Примерное время чтения: 8 минут
678

РАЗГОВОР ПО ДУШАМ. Игорь Шкляревский: "Счастье на одного - невыносимо"

С известным русским поэтом беседует Геннадий КРАСНИКОВ.

- Игорь Иванович, в некрологе на смерть Михаила Дудина вы написали: "Народ, Президент страны, - снимите шляпу: умер Поэт!" Разве не приучают нас постоянно к мысли, что мы приближаемся к цивилизованным странам, где поэзией интересуется жалкая кучка идиотов да профессора филологии и где, мол, никогда невозможно было бы наше варварское поклонение Пушкину, Некрасову, Есенину?

- Чем мы можем сегодня гордиться, если взять Россию хотя бы на протяжении двух веков? Нашей литературой, музыкой, живописью. И уникальная сегодняшняя литература. Когда спросили у Бродского о состоянии современной русской поэзии, он ответил, что она находится на высочайшем уровне...

- А как же насчет приближения к цивилизованным странам?

- По этому поводу прекрасно сказал мне Дмитрий Сергеевич Лихачев: "Почему-то все дурное мы хотим взять у Запада, а все хорошее не берем". Я тоже не понимаю: если какие-то заурядные люди, благоустроенно проживающие на Западе свою жизнь, не читают книг, стихов, почему и нам надо обязательно отказаться от национального образа жизни, мышления, чувствования? Отказаться только потому, что в Европе не издают поэтов такими тиражами, как у нас, не слушают их стихи? Да какое мне дело до этого, пускай они как угодно живут, почему я должен под них приспосабливаться? Литература в России - это огромное облако, которое всегда влияло на самые тонкие и сложные духовные процессы. Кстати, итальянцы в угоду кому-то не отказались от своих певцов. Голландцы гордятся своей живописью. Франция опекает культуру. Знаете, кто радуется сегодняшнему разорению нашей культуры? Графоманы, несостоявшиеся сочинители. Литература образовалась нашей жизнью не просто так. Наша северная природа, наши зимние долгие вечера сопутствовали тому, что у нас люди все больше и больше приобщались к чтению, к поэтическому образу мыслей. Россия без литературы перестанет быть Россией.

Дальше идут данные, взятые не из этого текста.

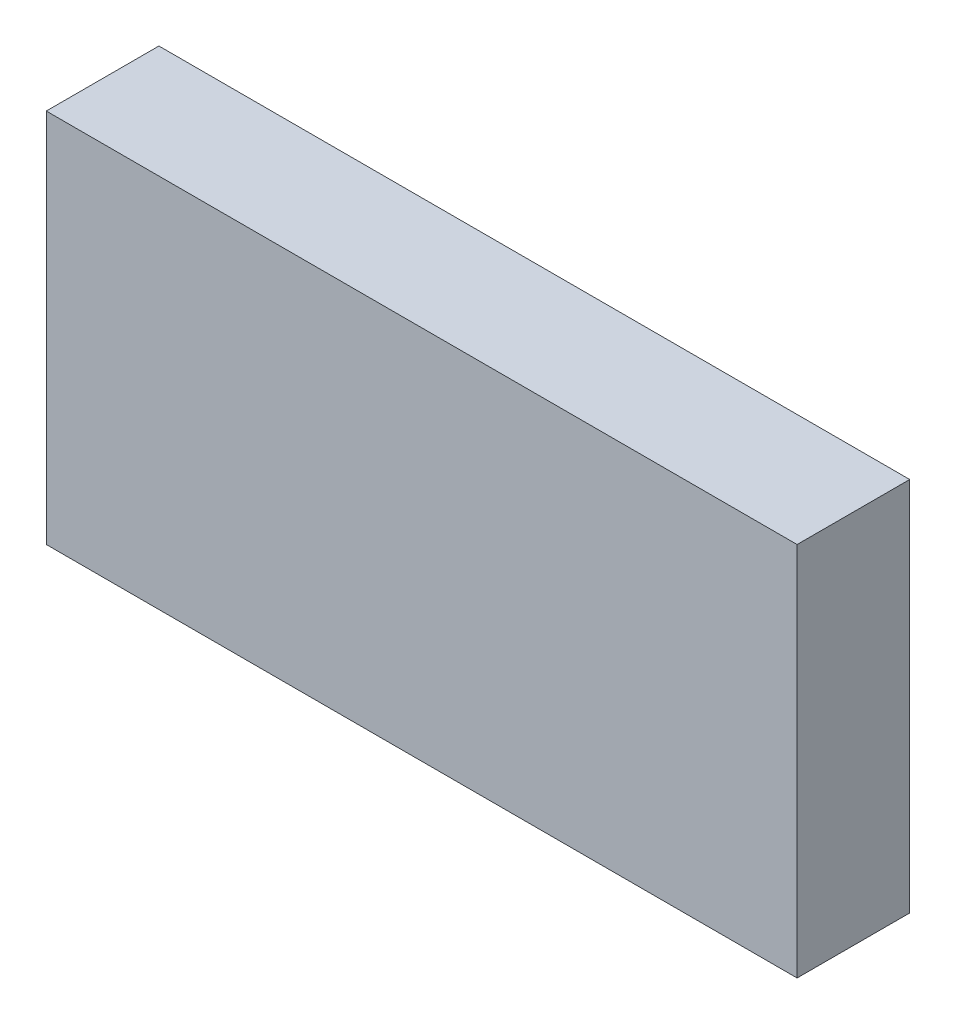
ISO-10303-21;
HEADER;
FILE_DESCRIPTION(('STEP AP214'),'2;1');
FILE_NAME('part.step','',(''),(''),'','','');
FILE_SCHEMA(('AUTOMOTIVE_DESIGN { 1 0 10303 214 1 1 1 1 }'));
ENDSEC;
DATA;
#1=APPLICATION_CONTEXT('core data for automotive mechanical design processes');
#2=APPLICATION_PROTOCOL_DEFINITION('international standard','automotive_design',2000,#1);
#3=PRODUCT_CONTEXT('',#1,'mechanical');
#4=PRODUCT('Part','Part','',(#3));
#5=PRODUCT_RELATED_PRODUCT_CATEGORY('part','',(#4));
#6=PRODUCT_DEFINITION_FORMATION('','',#4);
#7=PRODUCT_DEFINITION_CONTEXT('part definition',#1,'design');
#8=PRODUCT_DEFINITION('design','',#6,#7);
#9=PRODUCT_DEFINITION_SHAPE('','',#8);
#10=(LENGTH_UNIT() NAMED_UNIT(*) SI_UNIT(.MILLI.,.METRE.));
#11=(NAMED_UNIT(*) PLANE_ANGLE_UNIT() SI_UNIT($,.RADIAN.));
#12=(NAMED_UNIT(*) SI_UNIT($,.STERADIAN.) SOLID_ANGLE_UNIT());
#13=UNCERTAINTY_MEASURE_WITH_UNIT(LENGTH_MEASURE(1.E-05),#10,'distance_accuracy_value','');
#14=(GEOMETRIC_REPRESENTATION_CONTEXT(3) GLOBAL_UNCERTAINTY_ASSIGNED_CONTEXT((#13)) GLOBAL_UNIT_ASSIGNED_CONTEXT((#10,
#11,#12)) REPRESENTATION_CONTEXT('',''));
#15=CARTESIAN_POINT('',(0.,0.,0.));
#16=DIRECTION('',(0.,0.,1.));
#17=DIRECTION('',(1.,0.,0.));
#18=AXIS2_PLACEMENT_3D('',#15,#16,#17);
#19=CARTESIAN_POINT('',(0.,0.,150.));
#20=DIRECTION('',(1.,0.,0.));
#21=DIRECTION('',(0.,0.,-1.));
#22=AXIS2_PLACEMENT_3D('',#19,#20,#21);
#23=PLANE('',#22);
#24=DIRECTION('',(0.,-1.,0.));
#25=VECTOR('',#24,1.);
#26=CARTESIAN_POINT('',(0.,0.,0.));
#27=LINE('',#26,#25);
#28=CARTESIAN_POINT('',(0.,500.,0.));
#29=VERTEX_POINT('',#28);
#30=CARTESIAN_POINT('',(0.,0.,0.));
#31=VERTEX_POINT('',#30);
#32=EDGE_CURVE('E96',#29,#31,#27,.T.);
#33=ORIENTED_EDGE('',*,*,#32,.T.);
#34=DIRECTION('',(0.,0.,-1.));
#35=VECTOR('',#34,1.);
#36=CARTESIAN_POINT('',(0.,0.,150.));
#37=LINE('',#36,#35);
#38=CARTESIAN_POINT('',(0.,0.,150.));
#39=VERTEX_POINT('',#38);
#40=EDGE_CURVE('E11',#39,#31,#37,.T.);
#41=ORIENTED_EDGE('',*,*,#40,.F.);
#42=DIRECTION('',(0.,-1.,0.));
#43=VECTOR('',#42,1.);
#44=CARTESIAN_POINT('',(0.,0.,150.));
#45=LINE('',#44,#43);
#46=CARTESIAN_POINT('',(0.,500.,150.));
#47=VERTEX_POINT('',#46);
#48=EDGE_CURVE('E84',#47,#39,#45,.T.);
#49=ORIENTED_EDGE('',*,*,#48,.F.);
#50=DIRECTION('',(0.,0.,-1.));
#51=VECTOR('',#50,1.);
#52=CARTESIAN_POINT('',(0.,500.,150.));
#53=LINE('',#52,#51);
#54=EDGE_CURVE('E92',#47,#29,#53,.T.);
#55=ORIENTED_EDGE('',*,*,#54,.T.);
#56=EDGE_LOOP('',(#33,#41,#49,#55));
#57=FACE_BOUND('',#56,.T.);
#58=ADVANCED_FACE('F33',(#57),#23,.F.);
#59=CARTESIAN_POINT('',(0.,0.,150.));
#60=DIRECTION('',(0.,1.,0.));
#61=DIRECTION('',(0.,0.,1.));
#62=AXIS2_PLACEMENT_3D('',#59,#60,#61);
#63=PLANE('',#62);
#64=DIRECTION('',(1.,0.,0.));
#65=VECTOR('',#64,1.);
#66=CARTESIAN_POINT('',(0.,0.,0.));
#67=LINE('',#66,#65);
#68=CARTESIAN_POINT('',(1000.,0.,0.));
#69=VERTEX_POINT('',#68);
#70=EDGE_CURVE('E88',#31,#69,#67,.T.);
#71=ORIENTED_EDGE('',*,*,#70,.T.);
#72=DIRECTION('',(0.,0.,-1.));
#73=VECTOR('',#72,1.);
#74=CARTESIAN_POINT('',(1000.,0.,150.));
#75=LINE('',#74,#73);
#76=CARTESIAN_POINT('',(1000.,0.,150.));
#77=VERTEX_POINT('',#76);
#78=EDGE_CURVE('E41',#77,#69,#75,.T.);
#79=ORIENTED_EDGE('',*,*,#78,.F.);
#80=DIRECTION('',(1.,0.,0.));
#81=VECTOR('',#80,1.);
#82=CARTESIAN_POINT('',(0.,0.,150.));
#83=LINE('',#82,#81);
#84=EDGE_CURVE('E79',#39,#77,#83,.T.);
#85=ORIENTED_EDGE('',*,*,#84,.F.);
#86=ORIENTED_EDGE('',*,*,#40,.T.);
#87=EDGE_LOOP('',(#71,#79,#85,#86));
#88=FACE_BOUND('',#87,.T.);
#89=ADVANCED_FACE('F87',(#88),#63,.F.);
#90=CARTESIAN_POINT('',(1000.,0.,150.));
#91=DIRECTION('',(-1.,0.,0.));
#92=DIRECTION('',(0.,0.,1.));
#93=AXIS2_PLACEMENT_3D('',#90,#91,#92);
#94=PLANE('',#93);
#95=DIRECTION('',(0.,1.,0.));
#96=VECTOR('',#95,1.);
#97=CARTESIAN_POINT('',(1000.,0.,0.));
#98=LINE('',#97,#96);
#99=CARTESIAN_POINT('',(1000.,500.,0.));
#100=VERTEX_POINT('',#99);
#101=EDGE_CURVE('E66',#69,#100,#98,.T.);
#102=ORIENTED_EDGE('',*,*,#101,.T.);
#103=DIRECTION('',(0.,0.,-1.));
#104=VECTOR('',#103,1.);
#105=CARTESIAN_POINT('',(1000.,500.,150.));
#106=LINE('',#105,#104);
#107=CARTESIAN_POINT('',(1000.,500.,150.));
#108=VERTEX_POINT('',#107);
#109=EDGE_CURVE('E89',#108,#100,#106,.T.);
#110=ORIENTED_EDGE('',*,*,#109,.F.);
#111=DIRECTION('',(0.,1.,0.));
#112=VECTOR('',#111,1.);
#113=CARTESIAN_POINT('',(1000.,0.,150.));
#114=LINE('',#113,#112);
#115=EDGE_CURVE('E82',#77,#108,#114,.T.);
#116=ORIENTED_EDGE('',*,*,#115,.F.);
#117=ORIENTED_EDGE('',*,*,#78,.T.);
#118=EDGE_LOOP('',(#102,#110,#116,#117));
#119=FACE_BOUND('',#118,.T.);
#120=ADVANCED_FACE('F90',(#119),#94,.F.);
#121=CARTESIAN_POINT('',(0.,500.,150.));
#122=DIRECTION('',(0.,-1.,0.));
#123=DIRECTION('',(0.,0.,-1.));
#124=AXIS2_PLACEMENT_3D('',#121,#122,#123);
#125=PLANE('',#124);
#126=DIRECTION('',(-1.,0.,0.));
#127=VECTOR('',#126,1.);
#128=CARTESIAN_POINT('',(0.,500.,0.));
#129=LINE('',#128,#127);
#130=EDGE_CURVE('E72',#100,#29,#129,.T.);
#131=ORIENTED_EDGE('',*,*,#130,.T.);
#132=ORIENTED_EDGE('',*,*,#54,.F.);
#133=DIRECTION('',(-1.,0.,0.));
#134=VECTOR('',#133,1.);
#135=CARTESIAN_POINT('',(0.,500.,150.));
#136=LINE('',#135,#134);
#137=EDGE_CURVE('E49',#108,#47,#136,.T.);
#138=ORIENTED_EDGE('',*,*,#137,.F.);
#139=ORIENTED_EDGE('',*,*,#109,.T.);
#140=EDGE_LOOP('',(#131,#132,#138,#139));
#141=FACE_BOUND('',#140,.T.);
#142=ADVANCED_FACE('F103',(#141),#125,.F.);
#143=CARTESIAN_POINT('',(0.,0.,150.));
#144=DIRECTION('',(0.,0.,-1.));
#145=DIRECTION('',(-1.,0.,0.));
#146=AXIS2_PLACEMENT_3D('',#143,#144,#145);
#147=PLANE('',#146);
#148=ORIENTED_EDGE('',*,*,#48,.T.);
#149=ORIENTED_EDGE('',*,*,#84,.T.);
#150=ORIENTED_EDGE('',*,*,#115,.T.);
#151=ORIENTED_EDGE('',*,*,#137,.T.);
#152=EDGE_LOOP('',(#148,#149,#150,#151));
#153=FACE_BOUND('',#152,.T.);
#154=ADVANCED_FACE('F80',(#153),#147,.F.);
#155=CARTESIAN_POINT('',(0.,0.,0.));
#156=DIRECTION('',(0.,0.,-1.));
#157=DIRECTION('',(-1.,0.,0.));
#158=AXIS2_PLACEMENT_3D('',#155,#156,#157);
#159=PLANE('',#158);
#160=ORIENTED_EDGE('',*,*,#32,.F.);
#161=ORIENTED_EDGE('',*,*,#130,.F.);
#162=ORIENTED_EDGE('',*,*,#101,.F.);
#163=ORIENTED_EDGE('',*,*,#70,.F.);
#164=EDGE_LOOP('',(#160,#161,#162,#163));
#165=FACE_BOUND('',#164,.T.);
#166=ADVANCED_FACE('F106',(#165),#159,.T.);
#167=CLOSED_SHELL('',(#58,#89,#120,#142,#154,#166));
#168=MANIFOLD_SOLID_BREP('B2',#167);
#169=ADVANCED_BREP_SHAPE_REPRESENTATION('',(#18,#168),#14);
#170=SHAPE_DEFINITION_REPRESENTATION(#9,#169);
ENDSEC;
END-ISO-10303-21;

- Значит, все-таки снять шляпу?

- Да, снять. И не делить литературу на советскую и не советскую. Вот скажите: запах скошенного клевера, это что - запах советского скошенного клевера? Ночные соловьи, которые на полустанках просвистывали тамбур, это что - советские соловьи? Лягушки в лунную ночь, их рыдающие хоралы, это что -советские лягушки, поющие на золотой вечерней воде? Нас бросает из крайности в крайность. И самая отвратительная крайность - самоунижение.

- Вы много писали о трагедии Чернобыля, об экологии и упрощении жизни...

- Я всегда думаю о том, что обратная сторона Чернобыля -это обостренное чувство счастья возле чистой воды, возле вечернего костра...

Один мой приятель сказал мне недавно по телефону: "Нет времени на дружбу. Кручусь!" И тогда я подумал: а у меня нет времени зарабатывать деньги... Но есть время на дружбу.

Что мы приватизировали? Дырку от бублика? Одиночество в старости? Я бы не хотел оказаться с этим у края жизни. Без дружеского утешения, без задушевного молчания где-нибудь вдвоем на берегу реки возле заката. Жизнь становится совсем бессмысленной...

- Миллион одиночеств, мы не слышим друг друга...

- Да, раньше была немота, а теперь - глухота. Раньше даже шорох был слышен. Теперь ты кричишь, а тебя не слышат. Жизнь без сопереживаний обесценилась. Мы говорили о Чернобыле. Телевизор бывает страшнее Чернобыля: люди пьют чай и смотрят на оторванные ноги, руки, находясь на безопасном от войны расстоянии. Раньше, чтобы увидеть войну, нужно было приблизиться к ней настолько, что и в тебя могли попасть осколки или пуля.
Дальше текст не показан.